■ **WHAT TO WORK ON**: Please repeat only the lines below starting at the line that holds "circle A0 centre (0, 0) radius 1.7" and ending at the line that holds "(part 1 of 2)", exactly, with both of those lines included and every picture omitted.

■ **DATA FOR THIS TASK**:

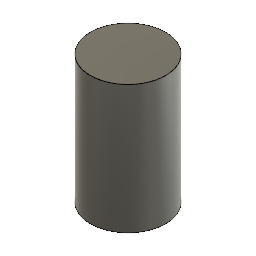
DisplayEnclosure_ButtonSpacer_v2 (Autodesk Fusion 360 design; units mm, degrees)
Autodesk Fusion 360 part; units mm, degrees
sketch "Sketch1" plane through (0, 0, 0) normal (0, 1, 0) x (1, 0, 0)
  circle A0 centre (0, 0) radius 1.7
  dimension "d1" = 3.4
  constraint coincident A0.centre origin
  measures "d1" diameter of A0
extrude "Extrude1" add sketch "Sketch1" along normal blind 6
extrude "Extrude2" cut 1 faces at (-0.3785, 6, -0.6303) along direction (0, -1, 0) blind 0.2
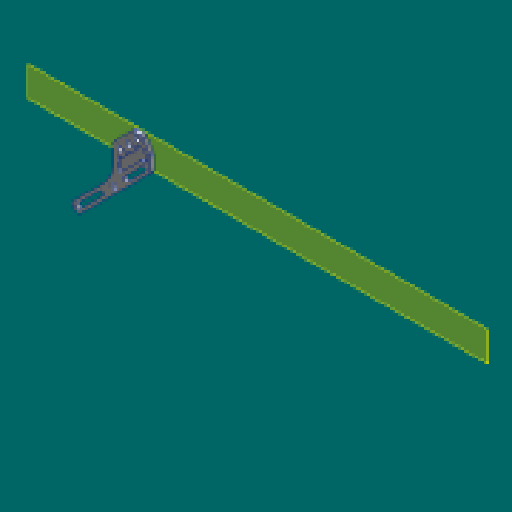
# Autodesk Inventor part: IntakeRampSidePlate
Saved by Autodesk Inventor 2023.1 (Build 271208000, 208)
## iProperties
Created: 2022-11-11
Part Number: IntakeRampSidePlate
Material: Aluminum 6061
Document SubType Name: Modeling
Designer: zac-h
Density: 2.7 g/cm^3
Appearance: Aluminum - Flat
Author: zac-h
Autodesk Inventor part; units mm, degrees
(part 1 of 2)
ref_plane "YZ Plane" through (0, 0, 0) normal (1, 0, 0) x (0, 1, 0)
ref_plane "XZ Plane" through (0, 0, 0) normal (0, 1, 0) x (-1, 0, 0)
ref_plane "XY Plane" through (0, 0, 0) normal (0, 0, 1) x (1, 0, 0)
ref_plane "Work Plane1" through (0, 0, 0) normal (0, 0, 1) x (1, 0, 0)
sketch "Sketch1" plane through (0, 0, 0) normal (0, 0, 1) x (1, 0, 0)
  line L0 (-428.9886, 23.7237) -> (-428.9886, 20.1169) projected
  arc A0 (-429.4966, 19.6089) -> (-428.9886, 20.1169) centre (-429.4966, 20.1169) ccw projected
  line L1 (-429.4966, 19.6089) -> (-433.1034, 19.6089) projected
  arc A1 (-433.6114, 20.1169) -> (-433.1034, 19.6089) centre (-433.1034, 20.1169) ccw projected
  line L2 (-433.6114, 20.1169) -> (-433.6114, 23.7237) projected
  arc A2 (-433.1034, 24.2317) -> (-433.6114, 23.7237) centre (-433.1034, 23.7237) ccw projected
  line L3 (-433.1034, 24.2317) -> (-429.4966, 24.2317) projected
  arc A3 (-428.9886, 23.7237) -> (-429.4966, 24.2317) centre (-429.4966, 23.7237) ccw projected
  line L4 (-416.2886, 23.7237) -> (-416.2886, 20.1169) projected
  arc A4 (-416.7966, 19.6089) -> (-416.2886, 20.1169) centre (-416.7966, 20.1169) ccw projected
  line L5 (-416.7966, 19.6089) -> (-420.4034, 19.6089) projected
  arc A5 (-420.9114, 20.1169) -> (-420.4034, 19.6089) centre (-420.4034, 20.1169) ccw projected
  line L6 (-420.9114, 20.1169) -> (-420.9114, 23.7237) projected
  arc A6 (-420.4034, 24.2317) -> (-420.9114, 23.7237) centre (-420.4034, 23.7237) ccw projected
  line L7 (-420.4034, 24.2317) -> (-416.7966, 24.2317) projected
  arc A7 (-416.2886, 23.7237) -> (-416.7966, 24.2317) centre (-416.7966, 23.7237) ccw projected
  line L8 (-403.5886, 23.7237) -> (-403.5886, 20.1169) projected
  arc A8 (-404.0966, 19.6089) -> (-403.5886, 20.1169) centre (-404.0966, 20.1169) ccw projected
  line L9 (-404.0966, 19.6089) -> (-407.7034, 19.6089) projected
  arc A9 (-408.2114, 20.1169) -> (-407.7034, 19.6089) centre (-407.7034, 20.1169) ccw projected
  line L10 (-408.2114, 20.1169) -> (-408.2114, 23.7237) projected
  arc A10 (-407.7034, 24.2317) -> (-408.2114, 23.7237) centre (-407.7034, 23.7237) ccw projected
  line L11 (-407.7034, 24.2317) -> (-404.0966, 24.2317) projected
  arc A11 (-403.5886, 23.7237) -> (-404.0966, 24.2317) centre (-404.0966, 23.7237) ccw projected
  line L12 (-390.8886, 23.7237) -> (-390.8886, 20.1169) projected
  arc A12 (-391.3966, 19.6089) -> (-390.8886, 20.1169) centre (-391.3966, 20.1169) ccw projected
  line L13 (-391.3966, 19.6089) -> (-395.0034, 19.6089) projected
  arc A13 (-395.5114, 20.1169) -> (-395.0034, 19.6089) centre (-395.0034, 20.1169) ccw projected
  line L14 (-395.5114, 20.1169) -> (-395.5114, 23.7237) projected
  arc A14 (-395.0034, 24.2317) -> (-395.5114, 23.7237) centre (-395.0034, 23.7237) ccw projected
  line L15 (-395.0034, 24.2317) -> (-391.3966, 24.2317) projected
  arc A15 (-390.8886, 23.7237) -> (-391.3966, 24.2317) centre (-391.3966, 23.7237) ccw projected
  line L16 (-378.1886, 23.7237) -> (-378.1886, 20.1169) projected
  arc A16 (-378.6966, 19.6089) -> (-378.1886, 20.1169) centre (-378.6966, 20.1169) ccw projected
  line L17 (-378.6966, 19.6089) -> (-382.3034, 19.6089) projected
  arc A17 (-382.8114, 20.1169) -> (-382.3034, 19.6089) centre (-382.3034, 20.1169) ccw projected
  line L18 (-382.8114, 20.1169) -> (-382.8114, 23.7237) projected
  arc A18 (-382.3034, 24.2317) -> (-382.8114, 23.7237) centre (-382.3034, 23.7237) ccw projected
  line L19 (-382.3034, 24.2317) -> (-378.6966, 24.2317) projected
  arc A19 (-378.1886, 23.7237) -> (-378.6966, 24.2317) centre (-378.6966, 23.7237) ccw projected
  line L20 (-365.4886, 23.7237) -> (-365.4886, 20.1169) projected
  arc A20 (-365.9966, 19.6089) -> (-365.4886, 20.1169) centre (-365.9966, 20.1169) ccw projected
  line L21 (-365.9966, 19.6089) -> (-369.6034, 19.6089) projected
  arc A21 (-370.1114, 20.1169) -> (-369.6034, 19.6089) centre (-369.6034, 20.1169) ccw projected
  line L22 (-370.1114, 20.1169) -> (-370.1114, 23.7237) projected
  arc A22 (-369.6034, 24.2317) -> (-370.1114, 23.7237) centre (-369.6034, 23.7237) ccw projected
  line L23 (-369.6034, 24.2317) -> (-365.9966, 24.2317) projected
  arc A23 (-365.4886, 23.7237) -> (-365.9966, 24.2317) centre (-365.9966, 23.7237) ccw projected
  line L24 (-352.7886, 23.7237) -> (-352.7886, 20.1169) projected
  arc A24 (-353.2966, 19.6089) -> (-352.7886, 20.1169) centre (-353.2966, 20.1169) ccw projected
  line L25 (-353.2966, 19.6089) -> (-356.9034, 19.6089) projected
  arc A25 (-357.4114, 20.1169) -> (-356.9034, 19.6089) centre (-356.9034, 20.1169) ccw projected
  line L26 (-357.4114, 20.1169) -> (-357.4114, 23.7237) projected
  arc A26 (-356.9034, 24.2317) -> (-357.4114, 23.7237) centre (-356.9034, 23.7237) ccw projected
  line L27 (-356.9034, 24.2317) -> (-353.2966, 24.2317) projected
  arc A27 (-352.7886, 23.7237) -> (-353.2966, 24.2317) centre (-353.2966, 23.7237) ccw projected
  line L28 (-340.0886, 23.7237) -> (-340.0886, 20.1169) projected
  arc A28 (-340.5966, 19.6089) -> (-340.0886, 20.1169) centre (-340.5966, 20.1169) ccw projected
  line L29 (-340.5966, 19.6089) -> (-344.2034, 19.6089) projected
  arc A29 (-344.7114, 20.1169) -> (-344.2034, 19.6089) centre (-344.2034, 20.1169) ccw projected
  line L30 (-344.7114, 20.1169) -> (-344.7114, 23.7237) projected
  arc A30 (-344.2034, 24.2317) -> (-344.7114, 23.7237) centre (-344.2034, 23.7237) ccw projected
  line L31 (-344.2034, 24.2317) -> (-340.5966, 24.2317) projected
  arc A31 (-340.0886, 23.7237) -> (-340.5966, 24.2317) centre (-340.5966, 23.7237) ccw projected
  line L32 (-327.3886, 23.7237) -> (-327.3886, 20.1169) projected
  arc A32 (-327.8966, 19.6089) -> (-327.3886, 20.1169) centre (-327.8966, 20.1169) ccw projected
  line L33 (-327.8966, 19.6089) -> (-331.5034, 19.6089) projected
  arc A33 (-332.0114, 20.1169) -> (-331.5034, 19.6089) centre (-331.5034, 20.1169) ccw projected
  line L34 (-332.0114, 20.1169) -> (-332.0114, 23.7237) projected
  arc A34 (-331.5034, 24.2317) -> (-332.0114, 23.7237) centre (-331.5034, 23.7237) ccw projected
  line L35 (-331.5034, 24.2317) -> (-327.8966, 24.2317) projected
  arc A35 (-327.3886, 23.7237) -> (-327.8966, 24.2317) centre (-327.8966, 23.7237) ccw projected
  line L36 (-314.6886, 23.7237) -> (-314.6886, 20.1169) projected
  arc A36 (-315.1966, 19.6089) -> (-314.6886, 20.1169) centre (-315.1966, 20.1169) ccw projected
  line L37 (-315.1966, 19.6089) -> (-318.8034, 19.6089) projected
  arc A37 (-319.3114, 20.1169) -> (-318.8034, 19.6089) centre (-318.8034, 20.1169) ccw projected
  line L38 (-319.3114, 20.1169) -> (-319.3114, 23.7237) projected
  arc A38 (-318.8034, 24.2317) -> (-319.3114, 23.7237) centre (-318.8034, 23.7237) ccw projected
  line L39 (-318.8034, 24.2317) -> (-315.1966, 24.2317) projected
  arc A39 (-314.6886, 23.7237) -> (-315.1966, 24.2317) centre (-315.1966, 23.7237) ccw projected
  line L40 (-301.9886, 23.7237) -> (-301.9886, 20.1169) projected
  arc A40 (-302.4966, 19.6089) -> (-301.9886, 20.1169) centre (-302.4966, 20.1169) ccw projected
  line L41 (-302.4966, 19.6089) -> (-306.1034, 19.6089) projected
  arc A41 (-306.6114, 20.1169) -> (-306.1034, 19.6089) centre (-306.1034, 20.1169) ccw projected
  line L42 (-306.6114, 20.1169) -> (-306.6114, 23.7237) projected
  arc A42 (-306.1034, 24.2317) -> (-306.6114, 23.7237) centre (-306.1034, 23.7237) ccw projected
  line L43 (-306.1034, 24.2317) -> (-302.4966, 24.2317) projected
  arc A43 (-301.9886, 23.7237) -> (-302.4966, 24.2317) centre (-302.4966, 23.7237) ccw projected
  line L44 (-289.2886, 23.7237) -> (-289.2886, 20.1169) projected
  arc A44 (-289.7966, 19.6089) -> (-289.2886, 20.1169) centre (-289.7966, 20.1169) ccw projected
  line L45 (-289.7966, 19.6089) -> (-293.4034, 19.6089) projected
  arc A45 (-293.9114, 20.1169) -> (-293.4034, 19.6089) centre (-293.4034, 20.1169) ccw projected
  line L46 (-293.9114, 20.1169) -> (-293.9114, 23.7237) projected
  arc A46 (-293.4034, 24.2317) -> (-293.9114, 23.7237) centre (-293.4034, 23.7237) ccw projected
  line L47 (-293.4034, 24.2317) -> (-289.7966, 24.2317) projected
  arc A47 (-289.2886, 23.7237) -> (-289.7966, 24.2317) centre (-289.7966, 23.7237) ccw projected
  line L48 (-276.5886, 23.7237) -> (-276.5886, 20.1169) projected
  arc A48 (-277.0966, 19.6089) -> (-276.5886, 20.1169) centre (-277.0966, 20.1169) ccw projected
  line L49 (-277.0966, 19.6089) -> (-280.7034, 19.6089) projected
  arc A49 (-281.2114, 20.1169) -> (-280.7034, 19.6089) centre (-280.7034, 20.1169) ccw projected
  line L50 (-281.2114, 20.1169) -> (-281.2114, 23.7237) projected
  arc A50 (-280.7034, 24.2317) -> (-281.2114, 23.7237) centre (-280.7034, 23.7237) ccw projected
  line L51 (-280.7034, 24.2317) -> (-277.0966, 24.2317) projected
  arc A51 (-276.5886, 23.7237) -> (-277.0966, 24.2317) centre (-277.0966, 23.7237) ccw projected
  line L52 (-263.8886, 23.7237) -> (-263.8886, 20.1169) projected
  arc A52 (-264.3966, 19.6089) -> (-263.8886, 20.1169) centre (-264.3966, 20.1169) ccw projected
  line L53 (-264.3966, 19.6089) -> (-268.0034, 19.6089) projected
  arc A53 (-268.5114, 20.1169) -> (-268.0034, 19.6089) centre (-268.0034, 20.1169) ccw projected
  line L54 (-268.5114, 20.1169) -> (-268.5114, 23.7237) projected
  arc A54 (-268.0034, 24.2317) -> (-268.5114, 23.7237) centre (-268.0034, 23.7237) ccw projected
  line L55 (-268.0034, 24.2317) -> (-264.3966, 24.2317) projected
  arc A55 (-263.8886, 23.7237) -> (-264.3966, 24.2317) centre (-264.3966, 23.7237) ccw projected
  line L56 (-251.1886, 23.7237) -> (-251.1886, 20.1169) projected
  arc A56 (-251.6966, 19.6089) -> (-251.1886, 20.1169) centre (-251.6966, 20.1169) ccw projected
  line L57 (-251.6966, 19.6089) -> (-255.3034, 19.6089) projected
  arc A57 (-255.8114, 20.1169) -> (-255.3034, 19.6089) centre (-255.3034, 20.1169) ccw projected
  line L58 (-255.8114, 20.1169) -> (-255.8114, 23.7237) projected
  arc A58 (-255.3034, 24.2317) -> (-255.8114, 23.7237) centre (-255.3034, 23.7237) ccw projected
  line L59 (-255.3034, 24.2317) -> (-251.6966, 24.2317) projected
  arc A59 (-251.1886, 23.7237) -> (-251.6966, 24.2317) centre (-251.6966, 23.7237) ccw projected
  line L60 (-238.4886, 23.7237) -> (-238.4886, 20.1169) projected
  arc A60 (-238.9966, 19.6089) -> (-238.4886, 20.1169) centre (-238.9966, 20.1169) ccw projected
  line L61 (-238.9966, 19.6089) -> (-242.6034, 19.6089) projected
  arc A61 (-243.1114, 20.1169) -> (-242.6034, 19.6089) centre (-242.6034, 20.1169) ccw projected
  line L62 (-243.1114, 20.1169) -> (-243.1114, 23.7237) projected
  arc A62 (-242.6034, 24.2317) -> (-243.1114, 23.7237) centre (-242.6034, 23.7237) ccw projected
  line L63 (-242.6034, 24.2317) -> (-238.9966, 24.2317) projected
  arc A63 (-238.4886, 23.7237) -> (-238.9966, 24.2317) centre (-238.9966, 23.7237) ccw projected
  line L64 (-225.7886, 23.7237) -> (-225.7886, 20.1169) projected
  arc A64 (-226.2966, 19.6089) -> (-225.7886, 20.1169) centre (-226.2966, 20.1169) ccw projected
  line L65 (-226.2966, 19.6089) -> (-229.9034, 19.6089) projected
  arc A65 (-230.4114, 20.1169) -> (-229.9034, 19.6089) centre (-229.9034, 20.1169) ccw projected
  line L66 (-230.4114, 20.1169) -> (-230.4114, 23.7237) projected
  arc A66 (-229.9034, 24.2317) -> (-230.4114, 23.7237) centre (-229.9034, 23.7237) ccw projected
  line L67 (-229.9034, 24.2317) -> (-226.2966, 24.2317) projected
  arc A67 (-225.7886, 23.7237) -> (-226.2966, 24.2317) centre (-226.2966, 23.7237) ccw projected
  line L68 (-213.0886, 23.7237) -> (-213.0886, 20.1169) projected
  arc A68 (-213.5966, 19.6089) -> (-213.0886, 20.1169) centre (-213.5966, 20.1169) ccw projected
  line L69 (-213.5966, 19.6089) -> (-217.2034, 19.6089) projected
  arc A69 (-217.7114, 20.1169) -> (-217.2034, 19.6089) centre (-217.2034, 20.1169) ccw projected
  line L70 (-217.7114, 20.1169) -> (-217.7114, 23.7237) projected
  arc A70 (-217.2034, 24.2317) -> (-217.7114, 23.7237) centre (-217.2034, 23.7237) ccw projected
  line L71 (-217.2034, 24.2317) -> (-213.5966, 24.2317) projected
  arc A71 (-213.0886, 23.7237) -> (-213.5966, 24.2317) centre (-213.5966, 23.7237) ccw projected
  line L72 (-200.3886, 23.7237) -> (-200.3886, 20.1169) projected
  arc A72 (-200.8966, 19.6089) -> (-200.3886, 20.1169) centre (-200.8966, 20.1169) ccw projected
  line L73 (-200.8966, 19.6089) -> (-204.5034, 19.6089) projected
  arc A73 (-205.0114, 20.1169) -> (-204.5034, 19.6089) centre (-204.5034, 20.1169) ccw projected
  line L74 (-205.0114, 20.1169) -> (-205.0114, 23.7237) projected
  arc A74 (-204.5034, 24.2317) -> (-205.0114, 23.7237) centre (-204.5034, 23.7237) ccw projected
  line L75 (-204.5034, 24.2317) -> (-200.8966, 24.2317) projected
  arc A75 (-200.3886, 23.7237) -> (-200.8966, 24.2317) centre (-200.8966, 23.7237) ccw projected
  line L76 (-187.6886, 23.7237) -> (-187.6886, 20.1169) projected
  arc A76 (-188.1966, 19.6089) -> (-187.6886, 20.1169) centre (-188.1966, 20.1169) ccw projected
  line L77 (-188.1966, 19.6089) -> (-191.8034, 19.6089) projected
  arc A77 (-192.3114, 20.1169) -> (-191.8034, 19.6089) centre (-191.8034, 20.1169) ccw projected
  line L78 (-192.3114, 20.1169) -> (-192.3114, 23.7237) projected
  arc A78 (-191.8034, 24.2317) -> (-192.3114, 23.7237) centre (-191.8034, 23.7237) ccw projected
  line L79 (-191.8034, 24.2317) -> (-188.1966, 24.2317) projected
  arc A79 (-187.6886, 23.7237) -> (-188.1966, 24.2317) centre (-188.1966, 23.7237) ccw projected
  line L80 (-174.9886, 23.7237) -> (-174.9886, 20.1169) projected
  arc A80 (-175.4966, 19.6089) -> (-174.9886, 20.1169) centre (-175.4966, 20.1169) ccw projected
  line L81 (-175.4966, 19.6089) -> (-179.1034, 19.6089) projected
  arc A81 (-179.6114, 20.1169) -> (-179.1034, 19.6089) centre (-179.1034, 20.1169) ccw projected
  line L82 (-179.6114, 20.1169) -> (-179.6114, 23.7237) projected
  arc A82 (-179.1034, 24.2317) -> (-179.6114, 23.7237) centre (-179.1034, 23.7237) ccw projected
  line L83 (-179.1034, 24.2317) -> (-175.4966, 24.2317) projected
  arc A83 (-174.9886, 23.7237) -> (-175.4966, 24.2317) centre (-175.4966, 23.7237) ccw projected
  line L84 (-162.2886, 23.7237) -> (-162.2886, 20.1169) projected
  arc A84 (-162.7966, 19.6089) -> (-162.2886, 20.1169) centre (-162.7966, 20.1169) ccw projected
  line L85 (-162.7966, 19.6089) -> (-166.4034, 19.6089) projected
  arc A85 (-166.9114, 20.1169) -> (-166.4034, 19.6089) centre (-166.4034, 20.1169) ccw projected
  line L86 (-166.9114, 20.1169) -> (-166.9114, 23.7237) projected
  arc A86 (-166.4034, 24.2317) -> (-166.9114, 23.7237) centre (-166.4034, 23.7237) ccw projected
  line L87 (-166.4034, 24.2317) -> (-162.7966, 24.2317) projected
  arc A87 (-162.2886, 23.7237) -> (-162.7966, 24.2317) centre (-162.7966, 23.7237) ccw projected
  line L88 (-149.5886, 23.7237) -> (-149.5886, 20.1169) projected
  arc A88 (-150.0966, 19.6089) -> (-149.5886, 20.1169) centre (-150.0966, 20.1169) ccw projected
  line L89 (-150.0966, 19.6089) -> (-153.7034, 19.6089) projected
  arc A89 (-154.2114, 20.1169) -> (-153.7034, 19.6089) centre (-153.7034, 20.1169) ccw projected
  line L90 (-154.2114, 20.1169) -> (-154.2114, 23.7237) projected
  arc A90 (-153.7034, 24.2317) -> (-154.2114, 23.7237) centre (-153.7034, 23.7237) ccw projected
  line L91 (-153.7034, 24.2317) -> (-150.0966, 24.2317) projected
  arc A91 (-149.5886, 23.7237) -> (-150.0966, 24.2317) centre (-150.0966, 23.7237) ccw projected
  line L92 (-136.8886, 23.7237) -> (-136.8886, 20.1169) projected
  arc A92 (-137.3966, 19.6089) -> (-136.8886, 20.1169) centre (-137.3966, 20.1169) ccw projected
  line L93 (-137.3966, 19.6089) -> (-141.0034, 19.6089) projected
  arc A93 (-141.5114, 20.1169) -> (-141.0034, 19.6089) centre (-141.0034, 20.1169) ccw projected
  line L94 (-141.5114, 20.1169) -> (-141.5114, 23.7237) projected
  arc A94 (-141.0034, 24.2317) -> (-141.5114, 23.7237) centre (-141.0034, 23.7237) ccw projected
  line L95 (-141.0034, 24.2317) -> (-137.3966, 24.2317) projected
  arc A95 (-136.8886, 23.7237) -> (-137.3966, 24.2317) centre (-137.3966, 23.7237) ccw projected
  line L96 (-126.5, 19.6089) -> (-126.5, 12.6321) projected
  line L97 (-126.5, 19.6089) -> (-128.3034, 19.6089) projected
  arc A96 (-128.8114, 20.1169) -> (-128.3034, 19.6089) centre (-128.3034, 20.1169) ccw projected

■ **TASK RESPONSE**:
  circle A0 centre (0, 0) radius 1.7
  dimension "d1" = 3.4
  constraint coincident A0.centre origin
  measures "d1" diameter of A0
extrude "Extrude1" add sketch "Sketch1" along normal blind 6
extrude "Extrude2" cut 1 faces at (-0.3785, 6, -0.6303) along direction (0, -1, 0) blind 0.2
# Autodesk Inventor part: IntakeRampSidePlate
Saved by Autodesk Inventor 2023.1 (Build 271208000, 208)
## iProperties
Created: 2022-11-11
Part Number: IntakeRampSidePlate
Material: Aluminum 6061
Document SubType Name: Modeling
Designer: zac-h
Density: 2.7 g/cm^3
Appearance: Aluminum - Flat
Author: zac-h
Autodesk Inventor part; units mm, degrees
(part 1 of 2)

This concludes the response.